** Provided data follows **

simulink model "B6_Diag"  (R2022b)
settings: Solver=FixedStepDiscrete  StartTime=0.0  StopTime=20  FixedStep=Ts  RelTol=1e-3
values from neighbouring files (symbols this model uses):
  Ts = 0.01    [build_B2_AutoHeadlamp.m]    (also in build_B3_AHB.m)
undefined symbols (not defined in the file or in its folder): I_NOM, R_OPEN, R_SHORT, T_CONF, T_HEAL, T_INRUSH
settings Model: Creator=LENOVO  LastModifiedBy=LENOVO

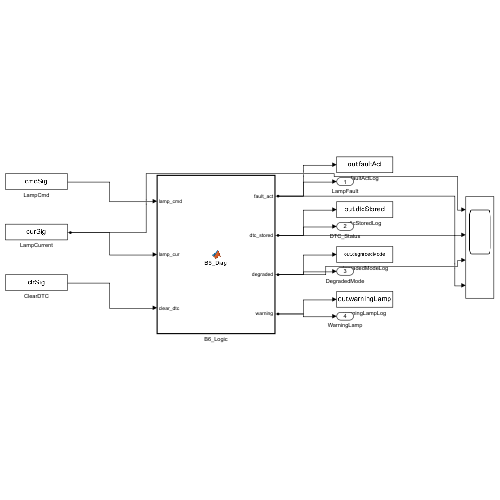
[thumbnail: Simulink's stored preview of the top-level diagram]
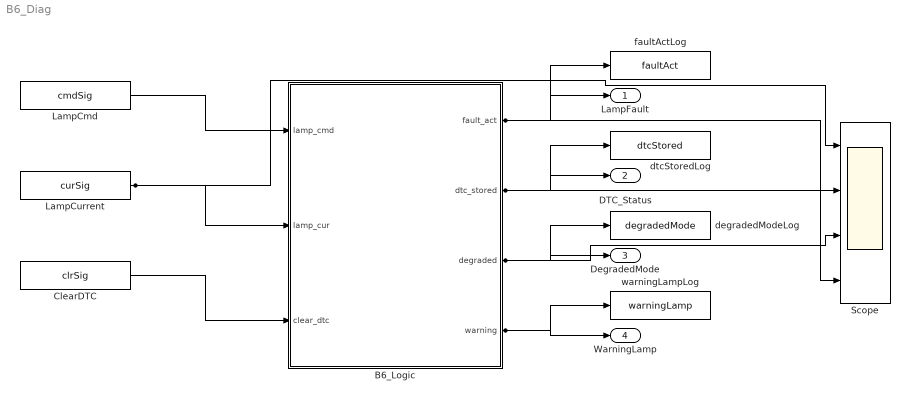
== system B6_Diag ==
  B6_Logic : MATLAB Function  TreatAsAtomicUnit=on
  ClearDTC : FromWorkspace  VariableName=clrSig  SampleTime=Ts  Interpolate=off  OutputAfterFinalValue=Holding final value
  LampCmd : FromWorkspace  VariableName=cmdSig  SampleTime=Ts  Interpolate=off  OutputAfterFinalValue=Holding final value
  LampCurrent : FromWorkspace  VariableName=curSig  SampleTime=Ts  OutputAfterFinalValue=Holding final value
  Scope : Scope  NumInputPorts=4
  degradedModeLog : ToWorkspace  VariableName=degradedMode  SaveFormat=Timeseries  SampleTime=-1
  dtcStoredLog : ToWorkspace  VariableName=dtcStored  SaveFormat=Timeseries  SampleTime=-1
  faultActLog : ToWorkspace  VariableName=faultAct  SaveFormat=Timeseries  SampleTime=-1
  warningLampLog : ToWorkspace  VariableName=warningLamp  SaveFormat=Timeseries  SampleTime=-1
  LampFault : Outport
  DTC_Status : Outport  Port=2
  DegradedMode : Outport  Port=3
  WarningLamp : Outport  Port=4
  wires:
  LampCmd/1 -> B6_Logic/1(lamp_cmd)
  LampCurrent/1 -> B6_Logic/2(lamp_cur), Scope/1
  ClearDTC/1 -> B6_Logic/3(clear_dtc)
  B6_Logic/1(fault_act) -> faultActLog/1, LampFault/1, Scope/2
  B6_Logic/2(dtc_stored) -> dtcStoredLog/1, DTC_Status/1, Scope/4
  B6_Logic/3(degraded) -> degradedModeLog/1, DegradedMode/1, Scope/3
  B6_Logic/4(warning) -> warningLampLog/1, WarningLamp/1

== matlab function B6_Diag/B6_Logic ==
  data: lamp_cmd input; fault_act output; lamp_cur input; clear_dtc input; dtc_stored output; degraded output; warning output; Ts parameter; I_NOM parameter; R_OPEN parameter; R_SHORT parameter; T_INRUSH parameter; T_CONF parameter; T_HEAL parameter
function [fault_act, dtc_stored, degraded, warning] = B6_Diag(lamp_cmd, lamp_cur, clear_dtc, Ts, I_NOM, R_OPEN, R_SHORT, T_INRUSH, T_CONF, T_HEAL)
%#codegen
% B6 - Diagnostic des lampes par mesure du courant
% Lampes : 1 croisement G, 2 croisement D, 3 clignotant G, 4 clignotant D
% dtc_stored : bits 0-3 = circuit ouvert (lampe grillee), bits 4-7 = court-circuit
persistent ton tbo tbs tgood fo fs stored
if isempty(ton)
    ton = zeros(4,1); tbo = zeros(4,1); tbs = zeros(4,1); tgood = zeros(4,1);
    fo = false(4,1); fs = false(4,1); stored = uint16(0);
end
cmd = logical(lamp_cmd(:));  cur = lamp_cur(:);
for i = 1:4
    if cmd(i)
        ton(i) = min(ton(i) + Ts, 100);           % temps depuis l'allumage
    else
        ton(i) = 0;
    end
    if cmd(i) && ton(i) > T_INRUSH + Ts/2         % on ne juge qu'apres le pic d'allumage
        r = cur(i) / I_NOM(i);                    % courant mesure / courant nominal
        bad_open  = r < R_OPEN;                   % < 20 % : lampe grillee (REQ-LSC-22)
        bad_short = r > R_SHORT;                  % > 150 % : court-circuit (REQ-LSC-22)
        if bad_open,  tbo(i) = tbo(i) + Ts; else, tbo(i) = 0; end
        if bad_short, tbs(i) = tbs(i) + Ts; else, tbs(i) = 0; end
        if tbo(i) > T_CONF + Ts/2                 % confirmation 100 ms
            fo(i) = true; stored = bitor(stored, bitshift(uint16(1), i-1));
        end
        if tbs(i) > T_CONF + Ts/2
            fs(i) = true; stored = bitor(stored, bitshift(uint16(1), i+3));
        end
        if ~bad_open && ~bad_short                % mesure correcte : guerison
            tgood(i) = min(tgood(i) + Ts, 100);
            if tgood(i) > T_HEAL + Ts/2
                fo(i) = false; fs(i) = false;     % defaut plus actif (le DTC reste memorise)
            end
        else
            tgood(i) = 0;
        end
    else
        tbo(i) = 0; tbs(i) = 0;                   % lampe eteinte : on ne peut pas juger
    end
end
act = fo | fs;
if clear_dtc                                      % effacement par l'outil de diagnostic
    stored = uint16(0);
    for i = 1:4
        if fo(i), stored = bitor(stored, bitshift(uint16(1), i-1)); end
        if fs(i), stored = bitor(stored, bitshift(uint16(1), i+3)); end
    end
end
fault_act  = act;
dtc_stored = stored;
degraded   = uint8(act(1)) + 2*uint8(act(2));     % 0 aucun, 1 croisement G, 2 croisement D, 3 les deux (REQ-LSC-24)
warning    = any(act);                            % temoin defaut au tableau de bord

** End of Provided data **

Your goal
Transcribe every record above in full. Pictures stay out of the copy.

Result of the exercise
simulink model "B6_Diag"  (R2022b)
settings: Solver=FixedStepDiscrete  StartTime=0.0  StopTime=20  FixedStep=Ts  RelTol=1e-3
values from neighbouring files (symbols this model uses):
  Ts = 0.01    [build_B2_AutoHeadlamp.m]    (also in build_B3_AHB.m)
undefined symbols (not defined in the file or in its folder): I_NOM, R_OPEN, R_SHORT, T_CONF, T_HEAL, T_INRUSH
settings Model: Creator=LENOVO  LastModifiedBy=LENOVO

[thumbnail: Simulink's stored preview of the top-level diagram]
== system B6_Diag ==
  B6_Logic : MATLAB Function  TreatAsAtomicUnit=on
  ClearDTC : FromWorkspace  VariableName=clrSig  SampleTime=Ts  Interpolate=off  OutputAfterFinalValue=Holding final value
  LampCmd : FromWorkspace  VariableName=cmdSig  SampleTime=Ts  Interpolate=off  OutputAfterFinalValue=Holding final value
  LampCurrent : FromWorkspace  VariableName=curSig  SampleTime=Ts  OutputAfterFinalValue=Holding final value
  Scope : Scope  NumInputPorts=4
  degradedModeLog : ToWorkspace  VariableName=degradedMode  SaveFormat=Timeseries  SampleTime=-1
  dtcStoredLog : ToWorkspace  VariableName=dtcStored  SaveFormat=Timeseries  SampleTime=-1
  faultActLog : ToWorkspace  VariableName=faultAct  SaveFormat=Timeseries  SampleTime=-1
  warningLampLog : ToWorkspace  VariableName=warningLamp  SaveFormat=Timeseries  SampleTime=-1
  LampFault : Outport
  DTC_Status : Outport  Port=2
  DegradedMode : Outport  Port=3
  WarningLamp : Outport  Port=4
  wires:
  LampCmd/1 -> B6_Logic/1(lamp_cmd)
  LampCurrent/1 -> B6_Logic/2(lamp_cur), Scope/1
  ClearDTC/1 -> B6_Logic/3(clear_dtc)
  B6_Logic/1(fault_act) -> faultActLog/1, LampFault/1, Scope/2
  B6_Logic/2(dtc_stored) -> dtcStoredLog/1, DTC_Status/1, Scope/4
  B6_Logic/3(degraded) -> degradedModeLog/1, DegradedMode/1, Scope/3
  B6_Logic/4(warning) -> warningLampLog/1, WarningLamp/1

== matlab function B6_Diag/B6_Logic ==
  data: lamp_cmd input; fault_act output; lamp_cur input; clear_dtc input; dtc_stored output; degraded output; warning output; Ts parameter; I_NOM parameter; R_OPEN parameter; R_SHORT parameter; T_INRUSH parameter; T_CONF parameter; T_HEAL parameter
function [fault_act, dtc_stored, degraded, warning] = B6_Diag(lamp_cmd, lamp_cur, clear_dtc, Ts, I_NOM, R_OPEN, R_SHORT, T_INRUSH, T_CONF, T_HEAL)
%#codegen
% B6 - Diagnostic des lampes par mesure du courant
% Lampes : 1 croisement G, 2 croisement D, 3 clignotant G, 4 clignotant D
% dtc_stored : bits 0-3 = circuit ouvert (lampe grillee), bits 4-7 = court-circuit
persistent ton tbo tbs tgood fo fs stored
if isempty(ton)
    ton = zeros(4,1); tbo = zeros(4,1); tbs = zeros(4,1); tgood = zeros(4,1);
    fo = false(4,1); fs = false(4,1); stored = uint16(0);
end
cmd = logical(lamp_cmd(:));  cur = lamp_cur(:);
for i = 1:4
    if cmd(i)
        ton(i) = min(ton(i) + Ts, 100);           % temps depuis l'allumage
    else
        ton(i) = 0;
    end
    if cmd(i) && ton(i) > T_INRUSH + Ts/2         % on ne juge qu'apres le pic d'allumage
        r = cur(i) / I_NOM(i);                    % courant mesure / courant nominal
        bad_open  = r < R_OPEN;                   % < 20 % : lampe grillee (REQ-LSC-22)
        bad_short = r > R_SHORT;                  % > 150 % : court-circuit (REQ-LSC-22)
        if bad_open,  tbo(i) = tbo(i) + Ts; else, tbo(i) = 0; end
        if bad_short, tbs(i) = tbs(i) + Ts; else, tbs(i) = 0; end
        if tbo(i) > T_CONF + Ts/2                 % confirmation 100 ms
            fo(i) = true; stored = bitor(stored, bitshift(uint16(1), i-1));
        end
        if tbs(i) > T_CONF + Ts/2
            fs(i) = true; stored = bitor(stored, bitshift(uint16(1), i+3));
        end
        if ~bad_open && ~bad_short                % mesure correcte : guerison
            tgood(i) = min(tgood(i) + Ts, 100);
            if tgood(i) > T_HEAL + Ts/2
                fo(i) = false; fs(i) = false;     % defaut plus actif (le DTC reste memorise)
            end
        else
            tgood(i) = 0;
        end
    else
        tbo(i) = 0; tbs(i) = 0;                   % lampe eteinte : on ne peut pas juger
    end
end
act = fo | fs;
if clear_dtc                                      % effacement par l'outil de diagnostic
    stored = uint16(0);
    for i = 1:4
        if fo(i), stored = bitor(stored, bitshift(uint16(1), i-1)); end
        if fs(i), stored = bitor(stored, bitshift(uint16(1), i+3)); end
    end
end
fault_act  = act;
dtc_stored = stored;
degraded   = uint8(act(1)) + 2*uint8(act(2));     % 0 aucun, 1 croisement G, 2 croisement D, 3 les deux (REQ-LSC-24)
warning    = any(act);                            % temoin defaut au tableau de bord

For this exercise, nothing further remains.